Assuming that US Airways Group receives $565 million in equity financing at the effective time of the merger, we expect that former America West Holdings stockholders will hold approximately 37% of new US Airways Group common stock outstanding immediately following the merger. Certain former US Airways Group creditors and new equity investors as a group will hold approximately 11% and 52%, respectively, of new US Airways Group common stock outstanding immediately following the merger. In each case, those percentages are subject to dilution as a result of any additional equity issuances, including as a result of the proposed rights offering discussed below, and are subject to certain assumptions concerning the likely exchange of certain convertible debt and securities that are dilutive at the per share purchase price paid by the equity investors for new US Airways Group common stock shortly after the merger.
The merger cannot be completed unless Holdings’ stockholders adopt the merger agreement and approve the merger. The obligations of Holdings and US Airways Group to complete the merger are also subject to the satisfaction or waiver of several other conditions, including clearance from regulatory agencies.
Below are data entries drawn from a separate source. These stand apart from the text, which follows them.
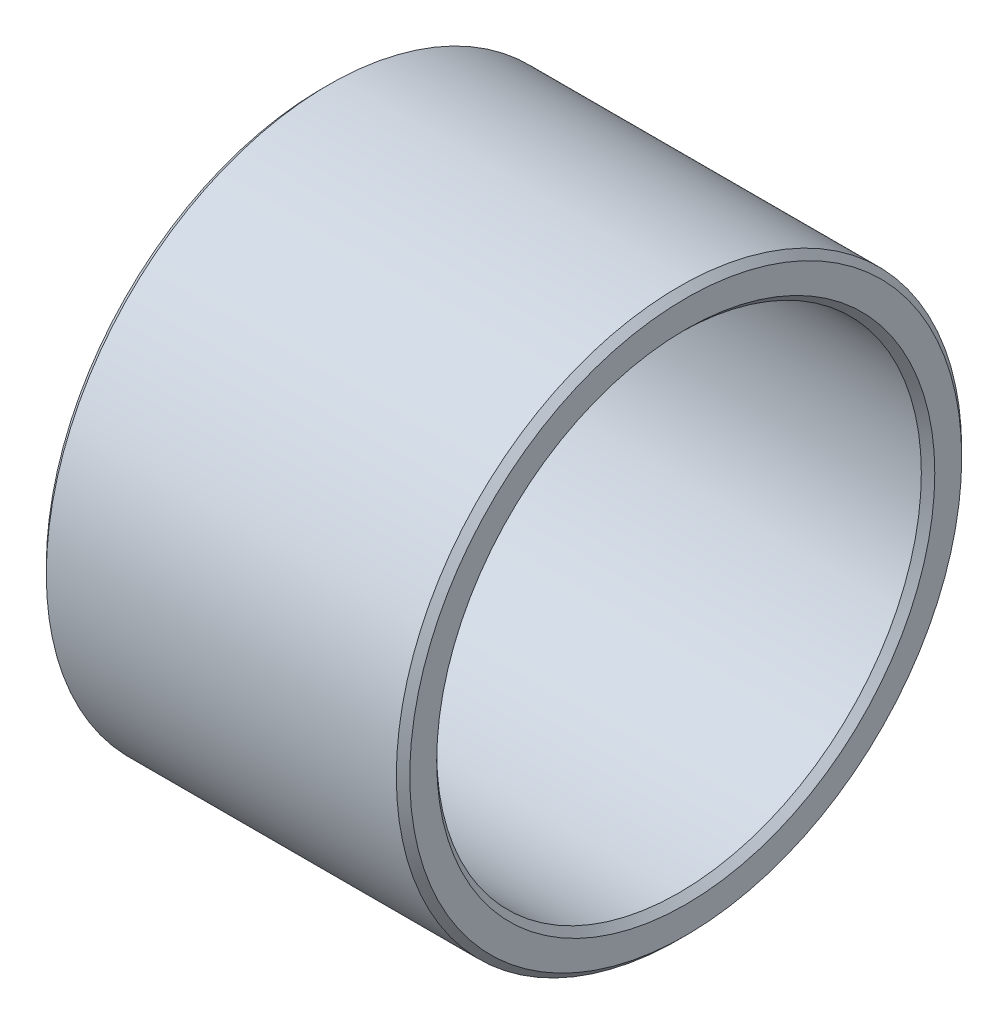
from build123d import *

# Parameters (mm, degrees)
SKETCH_1_W     = 27
SKETCH_1_H     = 3
CHAMFER_1_SIZE = 0.5


with BuildPart() as part:
    # 草图1 → 旋转1 (revolve)
    with BuildSketch(Plane(origin=(-4266.423458032, -24.943356191, -7335.56447096), x_dir=(-1, 0, 0), z_dir=(0, -0.999994681, 0.00326158))):
        with Locations((-4216.678380328, -7394.483238222)):
            Rectangle(SKETCH_1_W, SKETCH_1_H)
    revolve(axis=Axis((-153.375983394, -0.762059862, 78.379332546), (1, 0, 0)))

    # 倒角1
    chamfer_1_edges = [part.edges().sort_by_distance(p)[0] for p in [
        (-63.245077704, -0.693566691, 99.379220848),
        (-36.245077704, -0.693566691, 99.379220848),
        (-36.245077704, -0.70335143, 96.379236805),
        (-63.245077704, -0.70335143, 96.379236805),
    ]]
    chamfer(chamfer_1_edges, length=CHAMFER_1_SIZE)


solid = part.part
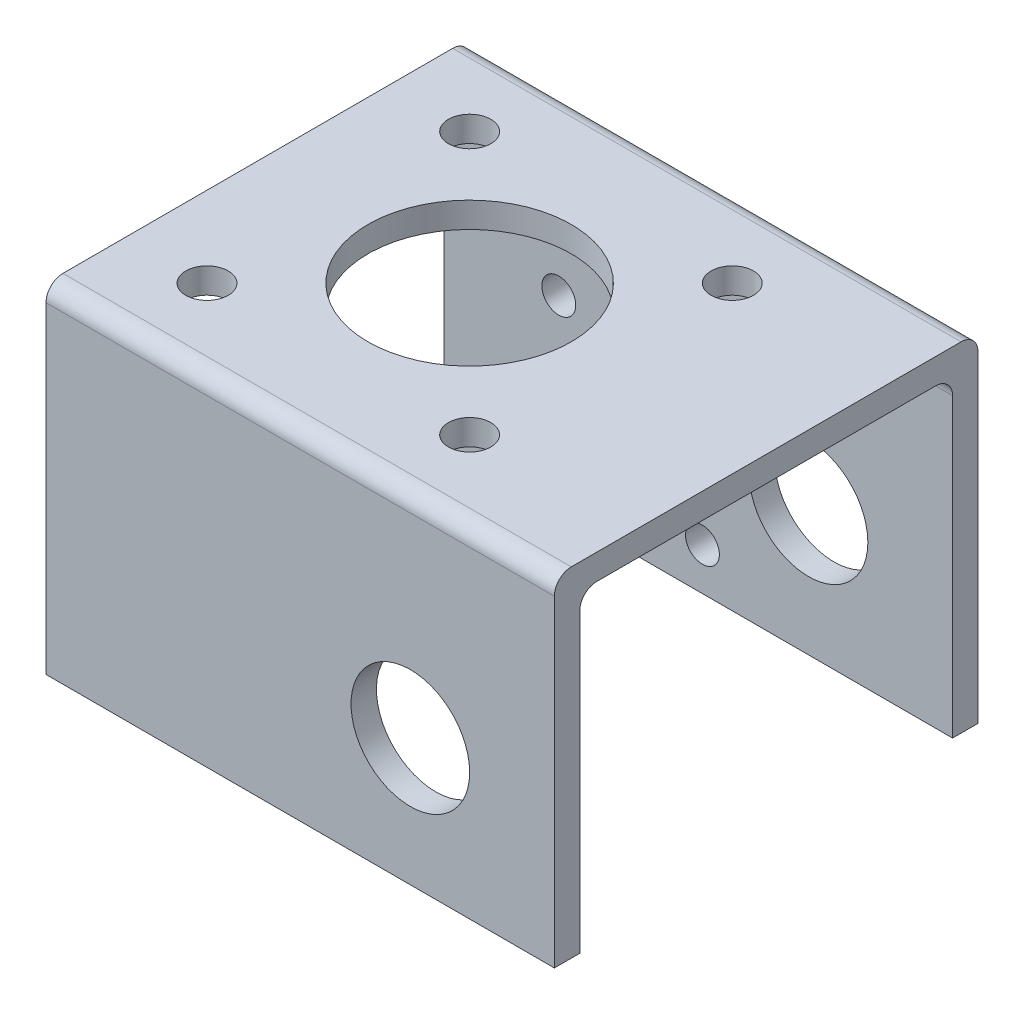
from build123d import *

# Parameters (mm, degrees)
EXTRUDE_1_DEPTH     = 60
CUT_EXTRUDE_1_REACH = 42
SKETCH_2_R          = 2.5
SKETCH_2_R_2        = 12
SKETCH_3_R          = 7
CUT_EXTRUDE_2_DEPTH = 51
CUT_EXTRUDE_3_REACH = 52
SKETCH_6_R          = 2


with BuildPart() as part:
    # 草图1 → 凸台-拉伸1 (new body)
    with BuildSketch(Plane(origin=(0, 0, 0), x_dir=(0, 0, -1), z_dir=(1, 0, 0))):
        with BuildLine():
            Line((0, 0), (3, 0))
            Line((3, 0), (3, 35))
            ThreePointArc((3, 35), (3.585786438, 36.414213562), (5, 37))
            Line((5, 37), (45, 37))
            ThreePointArc((45, 37), (46.414213562, 36.414213562), (47, 35))
            Line((47, 35), (47, 0))
            Line((47, 0), (50, 0))
            Line((50, 0), (50, 38))
            ThreePointArc((50, 38), (49.414213562, 39.414213562), (48, 40))
            Line((48, 40), (2, 40))
            ThreePointArc((2, 40), (0.585786438, 39.414213562), (0, 38))
            Line((0, 38), (0, 0))
        make_face()
    extrude(amount=EXTRUDE_1_DEPTH)

    # 草图2 → 切除-拉伸1 (cut, up to next)
    with BuildSketch(Plane(origin=(0, 40, 0), x_dir=(1, 0, 0), z_dir=(0, 1, 0)), mode=Mode.PRIVATE) as cut_extrude_1_sk1:
        with Locations((9.5, 9.5)):
            Circle(SKETCH_2_R)
    cut_extrude_1_tool1 = extrude(cut_extrude_1_sk1.sketch, amount=-CUT_EXTRUDE_1_REACH, mode=Mode.PRIVATE) & part.part
    add(cut_extrude_1_tool1.solids().sort_by_distance((9.5, 40, -9.5))[0], mode=Mode.SUBTRACT)
    # 草图2 → 切除-拉伸1 (cut, up to next)
    with BuildSketch(Plane(origin=(0, 40, 0), x_dir=(1, 0, 0), z_dir=(0, 1, 0)), mode=Mode.PRIVATE) as cut_extrude_1_sk2:
        with Locations((40.5, 9.5)):
            Circle(SKETCH_2_R)
    cut_extrude_1_tool2 = extrude(cut_extrude_1_sk2.sketch, amount=-CUT_EXTRUDE_1_REACH, mode=Mode.PRIVATE) & part.part
    add(cut_extrude_1_tool2.solids().sort_by_distance((40.5, 40, -9.5))[0], mode=Mode.SUBTRACT)
    # 草图2 → 切除-拉伸1 (cut, up to next)
    with BuildSketch(Plane(origin=(0, 40, 0), x_dir=(1, 0, 0), z_dir=(0, 1, 0)), mode=Mode.PRIVATE) as cut_extrude_1_sk3:
        with Locations((40.5, 40.5)):
            Circle(SKETCH_2_R)
    cut_extrude_1_tool3 = extrude(cut_extrude_1_sk3.sketch, amount=-CUT_EXTRUDE_1_REACH, mode=Mode.PRIVATE) & part.part
    add(cut_extrude_1_tool3.solids().sort_by_distance((40.5, 40, -40.5))[0], mode=Mode.SUBTRACT)
    # 草图2 → 切除-拉伸1 (cut, up to next)
    with BuildSketch(Plane(origin=(0, 40, 0), x_dir=(1, 0, 0), z_dir=(0, 1, 0)), mode=Mode.PRIVATE) as cut_extrude_1_sk4:
        with Locations((9.5, 40.5)):
            Circle(SKETCH_2_R)
    cut_extrude_1_tool4 = extrude(cut_extrude_1_sk4.sketch, amount=-CUT_EXTRUDE_1_REACH, mode=Mode.PRIVATE) & part.part
    add(cut_extrude_1_tool4.solids().sort_by_distance((9.5, 40, -40.5))[0], mode=Mode.SUBTRACT)
    # 草图2 → 切除-拉伸1 (cut, up to next)
    with BuildSketch(Plane(origin=(0, 40, 0), x_dir=(1, 0, 0), z_dir=(0, 1, 0)), mode=Mode.PRIVATE) as cut_extrude_1_sk5:
        with Locations((25, 25)):
            Circle(SKETCH_2_R_2)
    cut_extrude_1_tool5 = extrude(cut_extrude_1_sk5.sketch, amount=-CUT_EXTRUDE_1_REACH, mode=Mode.PRIVATE) & part.part
    add(cut_extrude_1_tool5.solids().sort_by_distance((25, 40, -25))[0], mode=Mode.SUBTRACT)

    # 草图3 → 切除-拉伸2 (cut, through all)
    with BuildSketch(Plane.XY):
        with Locations((43, 15)):
            Circle(SKETCH_3_R)
    extrude(amount=-CUT_EXTRUDE_2_DEPTH, mode=Mode.SUBTRACT)

    # 草图6 → 切除-拉伸3 (cut, up to next)
    with BuildSketch(Plane(origin=(0, 0, -50), x_dir=(-1, 0, 0), z_dir=(0, 0, -1)), mode=Mode.PRIVATE) as cut_extrude_3_sk1:
        with Locations((-13.525, 5)):
            Circle(SKETCH_6_R)
    cut_extrude_3_tool1 = extrude(cut_extrude_3_sk1.sketch, amount=-CUT_EXTRUDE_3_REACH, mode=Mode.PRIVATE) & part.part
    add(cut_extrude_3_tool1.solids().sort_by_distance((13.525, 5, -50))[0], mode=Mode.SUBTRACT)
    # 草图6 → 切除-拉伸3 (cut, up to next)
    with BuildSketch(Plane(origin=(0, 0, -50), x_dir=(-1, 0, 0), z_dir=(0, 0, -1)), mode=Mode.PRIVATE) as cut_extrude_3_sk2:
        with Locations((-30.475, 5)):
            Circle(SKETCH_6_R)
    cut_extrude_3_tool2 = extrude(cut_extrude_3_sk2.sketch, amount=-CUT_EXTRUDE_3_REACH, mode=Mode.PRIVATE) & part.part
    add(cut_extrude_3_tool2.solids().sort_by_distance((30.475, 5, -50))[0], mode=Mode.SUBTRACT)
    # 草图6 → 切除-拉伸3 (cut, up to next)
    with BuildSketch(Plane(origin=(0, 0, -50), x_dir=(-1, 0, 0), z_dir=(0, 0, -1)), mode=Mode.PRIVATE) as cut_extrude_3_sk3:
        with Locations((-30.475, 21.991100612)):
            Circle(SKETCH_6_R)
    cut_extrude_3_tool3 = extrude(cut_extrude_3_sk3.sketch, amount=-CUT_EXTRUDE_3_REACH, mode=Mode.PRIVATE) & part.part
    add(cut_extrude_3_tool3.solids().sort_by_distance((30.475, 21.991101, -50))[0], mode=Mode.SUBTRACT)
    # 草图6 → 切除-拉伸3 (cut, up to next)
    with BuildSketch(Plane(origin=(0, 0, -50), x_dir=(-1, 0, 0), z_dir=(0, 0, -1)), mode=Mode.PRIVATE) as cut_extrude_3_sk4:
        with Locations((-13.525, 21.991100612)):
            Circle(SKETCH_6_R)
    cut_extrude_3_tool4 = extrude(cut_extrude_3_sk4.sketch, amount=-CUT_EXTRUDE_3_REACH, mode=Mode.PRIVATE) & part.part
    add(cut_extrude_3_tool4.solids().sort_by_distance((13.525, 21.991101, -50))[0], mode=Mode.SUBTRACT)


solid = part.part

On June 23, 2005, the U.S. Department of Justice notified Holdings and US Airways that the Department has
completed its review of the proposed merger of the two airlines and that the waiting period under the Hart-Scott-Rodino Antitrust Improvements Act of 1976 will expire without a formal request from the Department for additional information.
Source AMERICA WEST AIRLINES INC filed this Form 10-Q on 07/21/05.

:blink:
 
It seems that some want to compare "financial health" by the use of "bk". I just wanted to point out that the apparent assumptions about bk need to be examined rather than just blithly assuming all bks are the same, at least if one is trying to make a financial point.

OK, forget the finances.

HP guys, for years, had been moving up their list. Planes were being acquired, pilots hired.

US lost half it's list and about half it's fleet. Downgrades a plenty and such.

At the time of the merger, that was the picture for both parties. Relatively speaking, the junior HP guys were in much, much better shape.